The future is all around us, waiting, in moments of transition, to be born in moments of revelation. No one knows the shape of that future or where it will take us. We know only that it is always born in pain.   -G'Kar

Bayraktar!

crazy canuck

Quote from: viper37 on March 22, 2010, 12:06:21 PM
Cover everyone from base, allow people to buy private insurance and get whatever treatment they want.
See, not that hard to do?
It's what they do in Europe, and it works well.

The real question is what would be base coverage and what would be privately insured. Access to privately paid medical care varies widely by province here in Canada.  Here in BC I can purchase, either through insurance or personally, a wide range of additional care in addition to my general medical care coverage.

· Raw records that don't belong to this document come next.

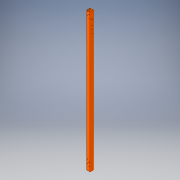
# Autodesk Inventor part: ElvFixedBeam
Saved by Autodesk Inventor 2019 (Build 230136000, 136)
## iProperties
Created: 2019-01-09
Part Number: ElvFixedBeam
Material: Aluminum 6061
Document SubType Name: Modeling
Designer: james
Density: 2.7 g/cm^3
Appearance: Default(2)
Mass: 404.32 g
Surface Area: 1890.01 cm^2
Volume: 149.748 cm^3
Author: james
Autodesk Inventor part; units mm, degrees
ref_plane "YZ Plane" through (0, 0, 0) normal (1, 0, 0) x (0, 1, 0)
ref_plane "XZ Plane" through (0, 0, 0) normal (0, 1, 0) x (-1, 0, 0)
ref_plane "XY Plane" through (0, 0, 0) normal (0, 0, 1) x (1, 0, 0)
sketch "Sketch1" plane through (0, 0, 0) normal (0, 1, 0) x (-1, 0, 0)
  line L0 (17.0295, 14.999) -> (-8.3705, 14.999)
  line L1 (-8.3705, 14.999) -> (-8.3705, -10.401)
  line L2 (-8.3705, -10.401) -> (17.0295, -10.401)
  line L3 (17.0295, -10.401) -> (17.0295, 14.999)
  line L4 (15.442, -8.8135) -> (-6.783, -8.8135)
  line L5 (-6.783, -8.8135) -> (-6.783, 13.4115)
  line L6 (-6.783, 13.4115) -> (15.442, 13.4115)
  line L7 (15.442, 13.4115) -> (15.442, -8.8135)
  point P0 (0, 0)
  dimension "d0" = 25.4
  dimension "d1" = 25.4
  dimension "d4" = 1.5875
  dimension "d5" = 1.5875
  dimension "d6" = 1.5875
  dimension "d7" = 1.5875
  constraints: 16 end point, 4 parallel, 2 horizontal, 2 perpendicular
  measures "d0" distance of L0.end L1.end
  measures "d1" distance of L0.start L0.end
  measures "d4" distance between parallel lines of L0 L6
  measures "d5" distance between parallel lines of L2 L4
  measures "d6" distance between parallel lines of L3 L7
  measures "d7" distance between parallel lines of L1 L5
extrude "Extrusion2" add sketch "Sketch1" along normal blind 990.6
sketch "Sketch4" plane through (8.3705, 0, 14.999) normal (1, 0, 0) x (0, 0, -1)
  line L0 (25.4, 0) -> (25.4, 990.6) projected
  line L1 (0, 990.6) -> (25.4, 990.6) projected
  point P0 (14.999, 0)
  point P1 (12.7, 939.8)
  dimension "d28" = 12.7
  dimension "d29" = 50.8
  measures "d28" distance from line of L0 point (12.7, 939.8)
  measures "d29" distance from line of L1 point (12.7, 939.8)
hole "Hole3" at (8.3705, 939.8, 2.299) direction (-1, 0, 0) diameter 9.5758 depth 25.4 tip angle 118
sketch "Sketch5" plane through (8.3705, 0, 14.999) normal (1, 0, 0) x (0, 0, -1)
  line L0 (0, 0) -> (0, 990.6) projected
  line L1 (0, 990.6) -> (25.4, 990.6) projected
  point P0 (14.999, 0)
  point P1 (12.7, 901.7)
  point P2 (12.7, 876.3)
  point P3 (12.7, 850.9)
  dimension "d37" = 25.4
  dimension "d38" = 25.4
  dimension "d39" = 12.7
  dimension "d40" = 12.7
  dimension "d41" = 12.7
  dimension "d42" = 88.9
  measures "d37" distance of point (12.7, 876.3) point (12.7, 901.7)
  measures "d38" distance of point (12.7, 850.9) point (12.7, 876.3)
  measures "d39" distance from line of point (12.7, 901.7) L0
  measures "d40" distance from line of L0 point (12.7, 876.3)
  measures "d41" distance from line of L0 point (12.7, 850.9)
  measures "d42" distance from line of point (12.7, 901.7) L1
hole "Hole4" at (8.3705, 901.7, 2.299) at (8.3705, 876.3, 2.299) at (8.3705, 850.9, 2.299) direction (-1, 0, 0) diameter 4.826 depth 25.4 tip angle 118
sketch "Sketch6" plane through (-17.0295, 0, 14.999) normal (0, 0, 1) x (1, 0, 0)
  line L0 (0, 0) -> (0, 990.6) projected
  line L1 (0, 990.6) -> (25.4, 990.6) projected
  line L2 (25.4, 0) -> (25.4, 990.6) projected
  point P0 (17.0295, 0)
  point P1 (6.35, 984.25)
  point P2 (19.05, 971.55)
  point P3 (6.35, 958.85)
  point P4 (19.05, 946.15)
  dimension "d50" = 6.35
  dimension "d51" = 6.35
  dimension "d52" = 6.35
  dimension "d53" = 25.4
  dimension "d54" = 6.35
  dimension "d55" = 19.05
  dimension "d56" = 6.35
  dimension "d57" = 25.4
  measures "d50" distance from line of L0 point (6.35, 984.25)
  measures "d51" distance from line of L1 point (6.35, 984.25)
  measures "d52" distance from line of L0 point (6.35, 958.85)
  measures "d53" distance of point (6.35, 958.85) point (6.35, 984.25)
  measures "d54" distance from line of L2 point (19.05, 971.55)
  measures "d55" distance from line of L1 point (19.05, 971.55)
  measures "d56" distance from line of L2 point (19.05, 946.15)
  measures "d57" distance of point (19.05, 946.15) point (19.05, 971.55)
hole "Hole5" at (-10.6795, 984.25, 14.999) at (2.0205, 971.55, 14.999) at (-10.6795, 958.85, 14.999) at (2.0205, 946.15, 14.999) direction (0, 0, -1) diameter 4.7625 depth 25.4 tip angle 118
sketch "Sketch7" plane through (-17.0295, 0, 14.999) normal (0, 0, 1) x (1, 0, 0)
  line L0 (25.4, 0) -> (25.4, 990.6) projected
  line L1 (0, 0) -> (25.4, 0) projected
  line L2 (0, 0) -> (0, 990.6) projected
  point P0 (17.0295, 0)
  point P1 (19.05, 31.75)
  point P2 (19.05, 57.15)
  point P3 (6.35, 44.45)
  point P4 (6.35, 69.85)
  dimension "d65" = 6.35
  dimension "d66" = 31.75
  dimension "d67" = 6.35
  dimension "d68" = 25.4
  dimension "d69" = 6.35
  dimension "d70" = 6.35
  dimension "d71" = 25.4
  dimension "d72" = 44.45
  measures "d65" distance from line of L0 point (19.05, 31.75)
  measures "d66" distance from line of L1 point (19.05, 31.75)
  measures "d67" distance from line of L0 point (19.05, 57.15)
  measures "d68" distance of point (19.05, 31.75) point (19.05, 57.15)
  measures "d69" distance from line of L2 point (6.35, 44.45)
  measures "d70" distance from line of L2 point (6.35, 69.85)
  measures "d71" distance of point (6.35, 44.45) point (6.35, 69.85)
  measures "d72" distance from line of L1 point (6.35, 44.45)
hole "Hole6" at (2.0205, 31.75, 14.999) at (2.0205, 57.15, 14.999) at (-10.6795, 44.45, 14.999) at (-10.6795, 69.85, 14.999) direction (0, 0, -1) diameter 4.7625 depth 25.4 tip angle 118
equation "\"d0\" = ElvBeamWidth"
equation "\"d1\" = ElvBeamWidth"
equation "\"d4\" = ElvWallWidth"
equation "\"d5\" = ElvWallWidth"
equation "\"d6\" = ElvWallWidth"
equation "\"d7\" = ElvWallWidth"
equation "\"d8\" = ElvFrontBeamLength"
equation "\"d29\" = ElvHoleFromFixed"
equation "\"ElvMiddleBeamLength\" = 990.6"
equation "\"ElvWallWidth\" = 1.5875"
equation "\"ElvFrontBeamLength\" = 990.6"
equation "\"ElvEndEffectLength\" = 431.8"
equation "\"ElvCrossBeamLength\" = 304.8"
equation "\"ElvBeamWidth\" = 25.4"
equation "\"ElvFrontBeamLength_1\" = 1066.8"
equation "\"ElvFixedBeamLength\" = 990.6"
equation "\"ElvDelHeight\" = 101.6"
equation "\"ElvDelDepth\" = 6.35"
equation "\"ElvDelFrontTabLength\" = 6.35"
equation "\"ElvDelWidth\" = 18.542"
equation "\"ElvTopBeamLength\" = 457.2"
equation "\"ElvHoleFromBottom\" = 38.1"
equation "\"ElvHoleFromFront\" = 25.4"
equation "\"ElvHoleFromMid\" = 38.1"
equation "\"ElvHoleFromFixed\" = 50.8"
equation "\"ElvRivetPlateLength\" = 76.2"
equation "\"ElvDelMiddleTabLength\" = 6.35"
body "Solid2"

As I understand it, that was not possible or was highly restricted in Quebec until somone went to the SCC and obtained a judgment that preventing timely access to medical care - even if it was private - was contrary to the Charter.  I am not sure how that case has changed access to private care in Quebec.

The Minsky Moment

Quote from: crazy canuck on March 22, 2010, 11:16:07 AM
I was thinking about the fundamental problem of cost in your system.  I havent read anything to indicate that any of these reforms which addresses the cost of your system.  I dont think it makes much sense for government to essentially underwrite a system where there is no real cost control.  Seems a recipe for huge government expenditure over time.

The more the cost goes up, the more powerful and well-resourced are those interests who have strong incentives to keep costs high and increasing, and thus the harder it is politically to achieve meaningful cost controls. 
The purpose of studying economics is not to acquire a set of ready-made answers to economic questions, but to learn how to avoid being deceived by economists.
--Joan Robinson

crazy canuck

Quote from: The Minsky Moment link=topic=4089.msg208023#msg208023The more the cost goes up, the more powerful and well-resourced are those interests who have strong incentives to keep costs high and increasing, and thus the harder it is politically to achieve meaningful cost controls.

That is certainly true but without real reform that addresses the issue you folks are doomed to continue have the most expensive system without having the best outcomes.